Aim: Implementation of KNN using sklearn

Program:


import numpy as np
import matplotlib.pyplot as plt
import pandas as pd

# URL for Iris dataset
url = "https://archive.ics.uci.edu/ml/machine-learning-databases/iris/iris.data"

# Assign column names to the dataset
names = ['sepal-length', 'sepal-width', 'petal-length', 'petal-width', 'Class']

# Read in the dataset
df = pd.read_csv(url, names=names)
df

# Preprocessing of Dataset
X = df.iloc[:, :-1].values
y = df.iloc[:, 4].values

from sklearn.model_selection import train_test_split
X_train, X_test, y_train, y_test = train_test_split(X, y, test_size=0.20)

# Feature Scaling
from sklearn.preprocessing import StandardScaler
scaler = StandardScaler()
scaler.fit(X_train)

X_train = scaler.transform(X_train)
X_test = scaler.transform(X_test)

# Make Your Prediction
from sklearn.neighbors import KNeighborsClassifier
classifier = KNeighborsClassifier(n_neighbors=5)
classifier.fit(X_train, y_train)
y_pred = classifier.predict(X_test)

# Evaluating Your Algorithm
from sklearn.metrics import classification_report, confusion_matrix
print(confusion_matrix(y_test, y_pred))
print(classification_report(y_test, y_pred))

Output:

[[10 0 0]
[ 0 8 0]
[ 0 0 12]]
precision recall f1-score support

Setosa 1.00 1.00 1.00 10
Versicolor 1.00 1.00 1.00 8
Virginica 1.00 1.00 1.00 12

accuracy 1.00 30
macro avg 1.00 1.00 1.00 30
weighted avg 1.00 1.00 1.00 30

Sample Viva Questions:

1.Define KNN

K-Nearest Neighbors is one of the most basic yet essential classification algorithms in Machine Learning. It belongs to the supervised learning domain and finds intense application in pattern recognition, data mining and intrusion detection. It is widely disposable in real-life scenarios since it is non-parametric, meaning,

2.Why is KNN a non-parametric Algorithm?

The term “non-parametric” refers to not making any assumptions on the underlying data distribution. These methods do not have any fixed numbers of parameters in the model. Similarly, in KNN, the model parameters grow with the training data by considering each training case as a parameter of the model. So, KNN is a non-parametric algorithm.

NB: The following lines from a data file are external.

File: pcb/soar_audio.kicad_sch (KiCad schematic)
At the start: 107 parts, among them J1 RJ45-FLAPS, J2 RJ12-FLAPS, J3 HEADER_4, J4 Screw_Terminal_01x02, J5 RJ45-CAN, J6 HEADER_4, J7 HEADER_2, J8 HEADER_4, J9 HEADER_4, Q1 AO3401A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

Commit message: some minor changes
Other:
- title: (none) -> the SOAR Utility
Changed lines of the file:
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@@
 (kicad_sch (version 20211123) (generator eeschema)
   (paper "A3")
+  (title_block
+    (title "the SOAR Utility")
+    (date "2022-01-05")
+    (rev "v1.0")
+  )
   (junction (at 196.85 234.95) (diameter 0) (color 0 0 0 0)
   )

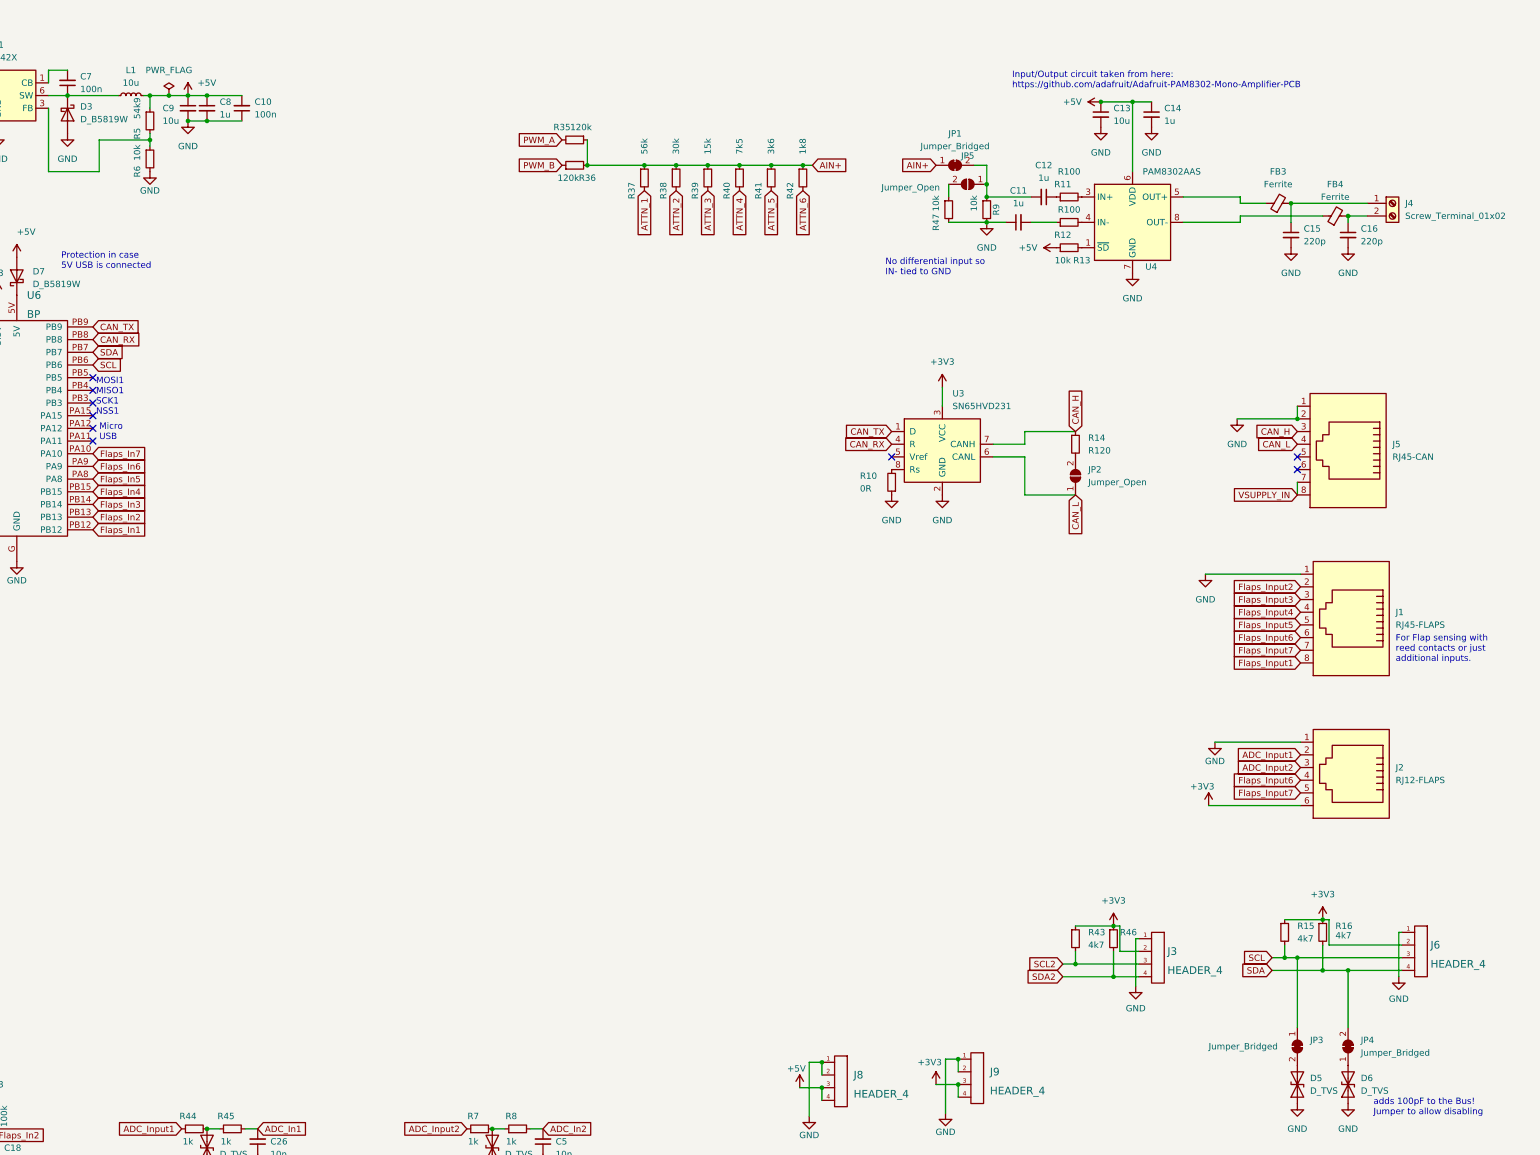
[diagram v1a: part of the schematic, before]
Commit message: updates based on feedback from Klaus
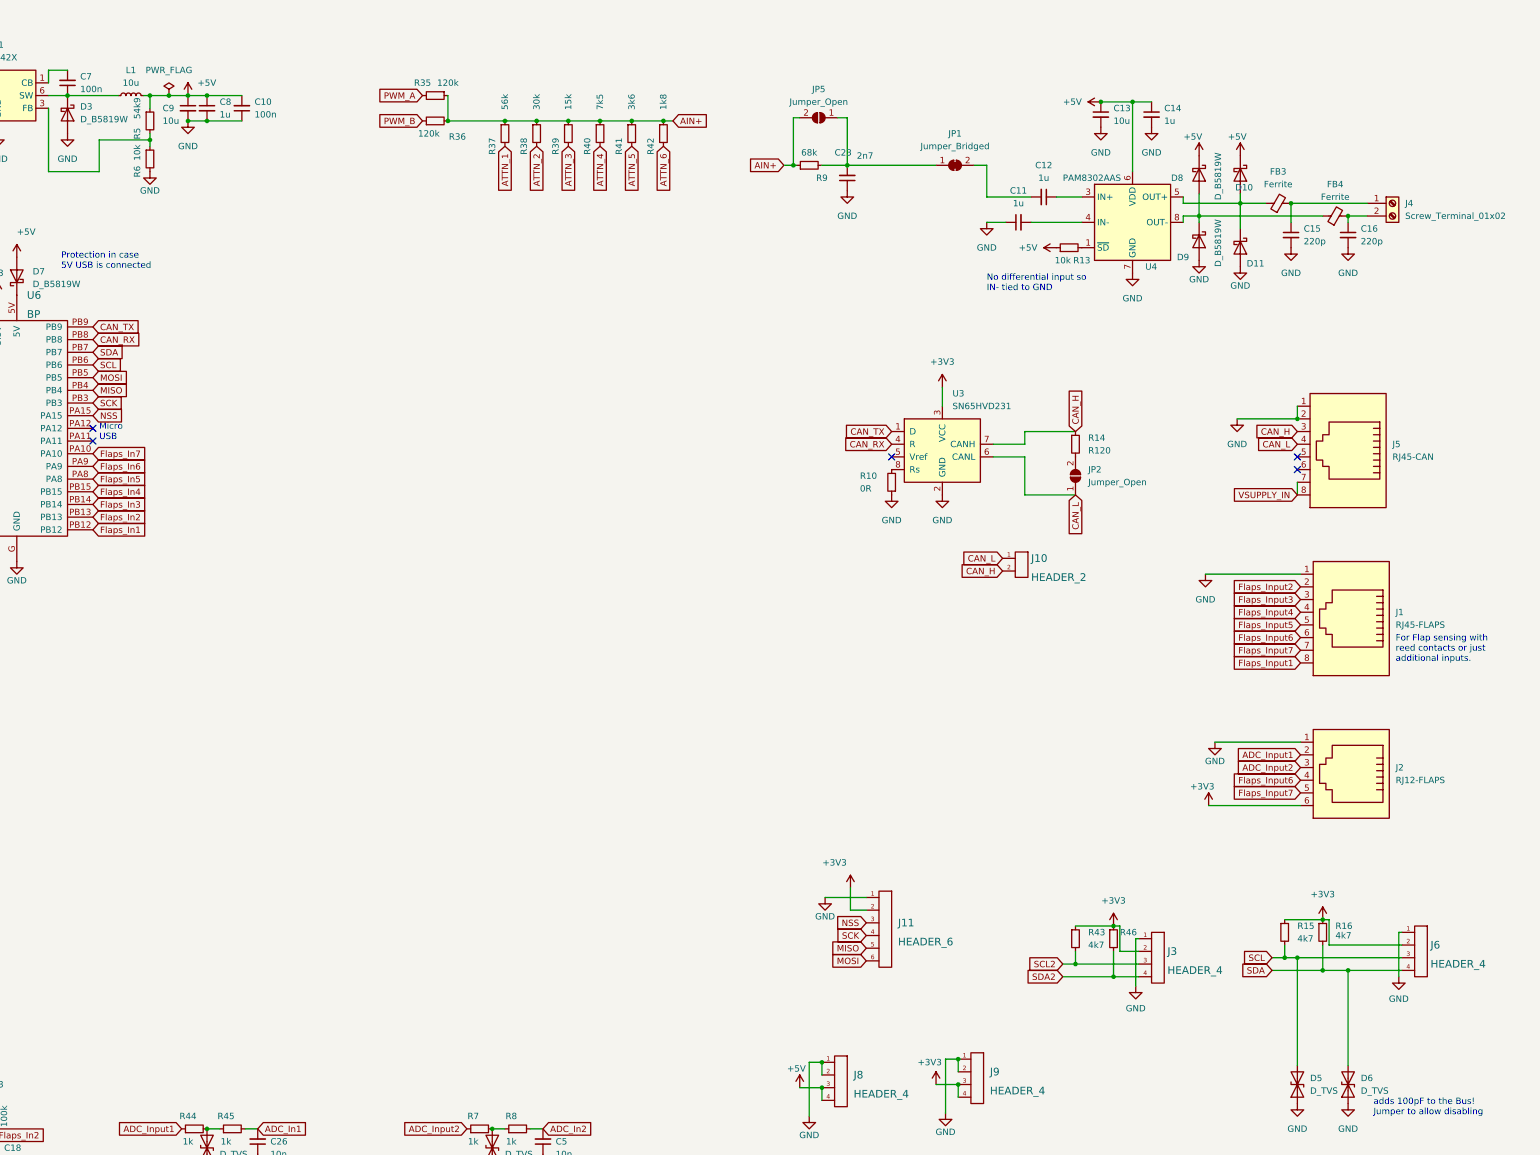
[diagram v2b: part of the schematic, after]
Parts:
- removed JP3, JP4: Jumper_Bridged, Jumper:SolderJumper-2_P1.3mm_Bridged_Pad1.0x1.5mm, symbol Jumper:SolderJumper_2_Bridged
- removed R11, R12: R100, Resistor_SMD:R_0603_1608Metric, symbol Device:R_Small
- removed R47: 10k, Resistor_SMD:R_0603_1608Metric, symbol Device:R_Small
- added C23: 2n7, Capacitor_SMD:C_0603_1608Metric, symbol Device:C_Small
- added D10, D11, D8, D9: D_B5819W, Diode_SMD:D_SOD-123, symbol Device:D_Schottky
- added J10: HEADER_2, Connector_PinHeader_1.27mm:PinHeader_1x02_P1.27mm_Vertical, symbol STM32F4Di:HEADER_2
- added J11: HEADER_6, Connector_PinHeader_1.27mm:PinHeader_1x06_P1.27mm_Vertical, symbol STM32F4Di:HEADER_6
- R9: value 10k -> 68k; LCSC C25804 -> C23231
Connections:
- net +3V3: now also J11.2
- net +5V: now also D10.1 (K), D8.1 (K)
- net AIN+: now also JP5.2 (B), R9.1; no longer JP1.1 (A)
- net CAN_H: now also J10.2
- net CAN_L: now also J10.1
- net GND: now also C23.1, D11.2 (A), D9.2 (A), J11.1; no longer R9.2
- net SCL: now also D5.2 (A2)
- net SDA: now also D6.2 (A2)
- net NSS: now reaches U6.PA15
- net NSS: now also J11.3
- net SCK: now reaches U6.PB3
- net SCK: now also J11.4
- net MISO: now reaches U6.PB4
- net MISO: now also J11.5
- net MOSI: now reaches U6.PB5
- net MOSI: now also J11.6
- net at C12.2, JP1.2 (B): no longer JP5.1 (A), R9.1
- net at C11.2: now also U4.4 (IN-)
- net at C12.1: now also U4.3 (IN+)
- net at FB3.1, U4.5 (OUT+): now also D10.2 (A), D11.1 (K)
- net at FB4.1, U4.8 (OUT-): now also D8.2 (A), D9.1 (K)
- new net: C23.2, JP1.1 (A), JP5.1 (A), R9.2
- no-connect marks 15 -> 11
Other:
- note removed: "Input/Output circuit taken from here: https://github.com/adafruit/Adafruit-PAM8302-Mono-Amplifier-PCB"
- note removed: "MOSI1 MISO1 SCK1 NSS1"
- moved on the sheet: R35, R36, R37, R38, R39, R40, R41, R42

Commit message: finalized pcb and generated v1.0 production files
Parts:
- removed R43, R46: 4k7, Resistor_SMD:R_0603_1608Metric, symbol Device:R_Small
- added C24, C25, C27, C28, C29: 100n, Capacitor_SMD:C_0603_1608Metric, symbol Device:C_Small
- added U2: MAX3232, Package_SO:HTSSOP-16-1EP_4.4x5mm_P0.65mm_EP3x3mm, symbol Interface_UART:MAX3232
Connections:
- net +3V3: now also C25.2, U2.16 (VCC)
- net GND: now also C25.1, C28.1, C29.1, U2.15 (GND)
- net SCL2 renamed RS232_RX
- net RS232_RX: now also U2.13 (R1IN); no longer U6.PB10
- net SDA2 renamed RS232_TX
- net RS232_TX: now also U2.14 (T1OUT); no longer U6.PB11
- new net: C29.2, U2.6 (VS-)
- new net: C27.1, U2.5 (C2-)
- new net: C27.2, U2.4 (C2+)
- new net: C24.2, U2.1 (C1+)
- new net: C28.2, U2.2 (VS+)
- new net: C24.1, U2.3 (C1-)
- new net UART_RX: U2.12 (R1OUT), U6.PB11
- new net UART_TX: U2.11 (T1IN), U6.PB10
- no-connect marks 11 -> 15
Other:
- moved on the sheet: J1, J10, J11, J2, J3, J8, J9

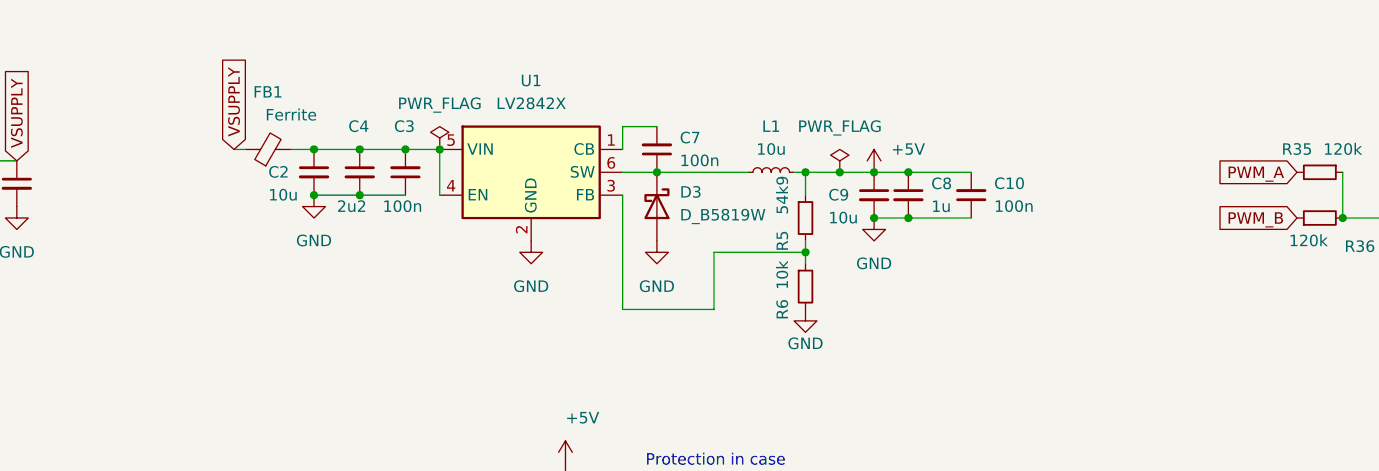
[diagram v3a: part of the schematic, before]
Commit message: changed dc-dc converter
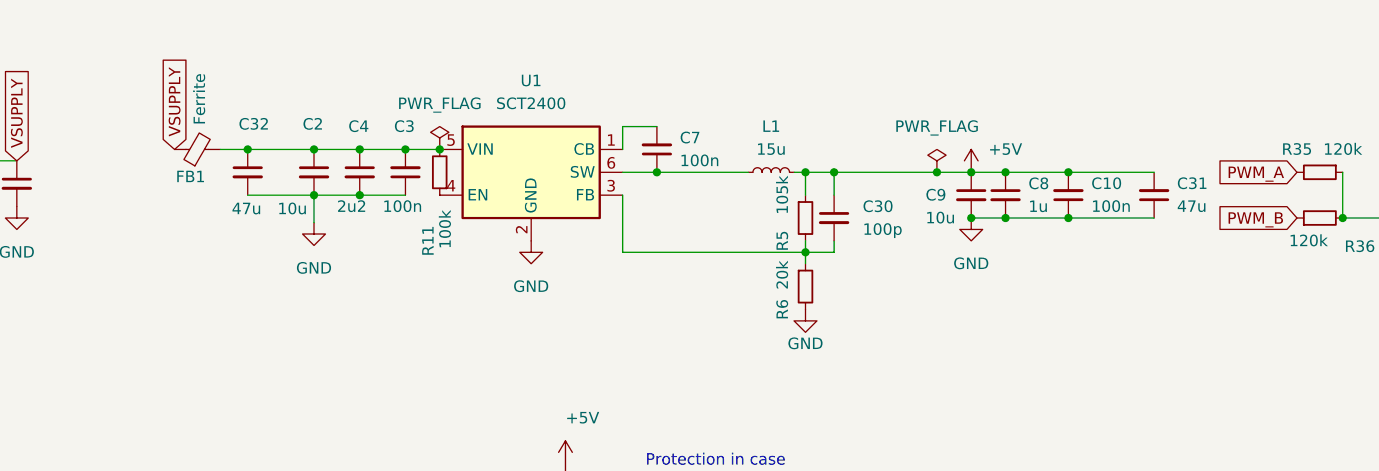
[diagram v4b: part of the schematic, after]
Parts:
- removed D3: D_B5819W, Diode_SMD:D_SOD-123, symbol Device:D_Schottky
- added C30: 100p, Capacitor_SMD:C_0603_1608Metric, symbol Device:C_Small
- added C31, C32: 47u, Capacitor_SMD:C_1206_3216Metric, symbol Device:C_Small
- added R11: 100k, Resistor_SMD:R_0603_1608Metric, symbol Device:R_Small
- L1: value 10u -> 15u; footprint OWN_PARTS:MWSA0402S -> OWN_PARTS:SLO0630H; LCSC C408339 -> C182182
- R5: value 54k9 -> 105k; LCSC C23077 -> C16840
- R6: value 10k -> 20k; LCSC C25804 -> C4184
- U1: value LV2842X -> SCT2400; LCSC C225807 -> C2693819
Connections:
- net +5V: now also C30.1, C31.2
- net GND: now also C31.1, C32.2
- net at C2.1, C3.2, C4.1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: now also C32.1, R11.2; no longer U1.4 (EN)
- net at R5.2, R6.1, U1.3 (FB): now also C30.2
- new net: R11.1, U1.4 (EN)
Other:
- moved on the sheet: C10, C8, C9, FB1

3.What is “K” in the KNN Algorithm?

K represents the number of nearest neighbours you want to select to predict the class of a given item, which is coming as an unseen dataset for the model.

4.Why is the odd value of “K” preferred over even values in the KNN Algorithm?

The odd value of K should be preferred over even values in order to ensure that there are no ties in the voting. If the square root of a number of data points is even, then add or subtract 1 to it to make it odd.

5. Why is it recommended not to use the KNN Algorithm for large datasets? The Problem in processing the data:

KNN works well with smaller datasets because it is a lazy learner. It needs to store all the data and then make a decision only at run time. It includes the computation of distances for a given point with all other points. So if the dataset is large, there will be a lot of processing which may adversely impact the performance of the algorithm.

Sensitive to noise:

Another thing in the context of large datasets is that there is more likely a chance of noise in the dataset which adversely affects the performance of the KNN algorithm since the KNN algorithm is sensitive to the noise present in the dataset.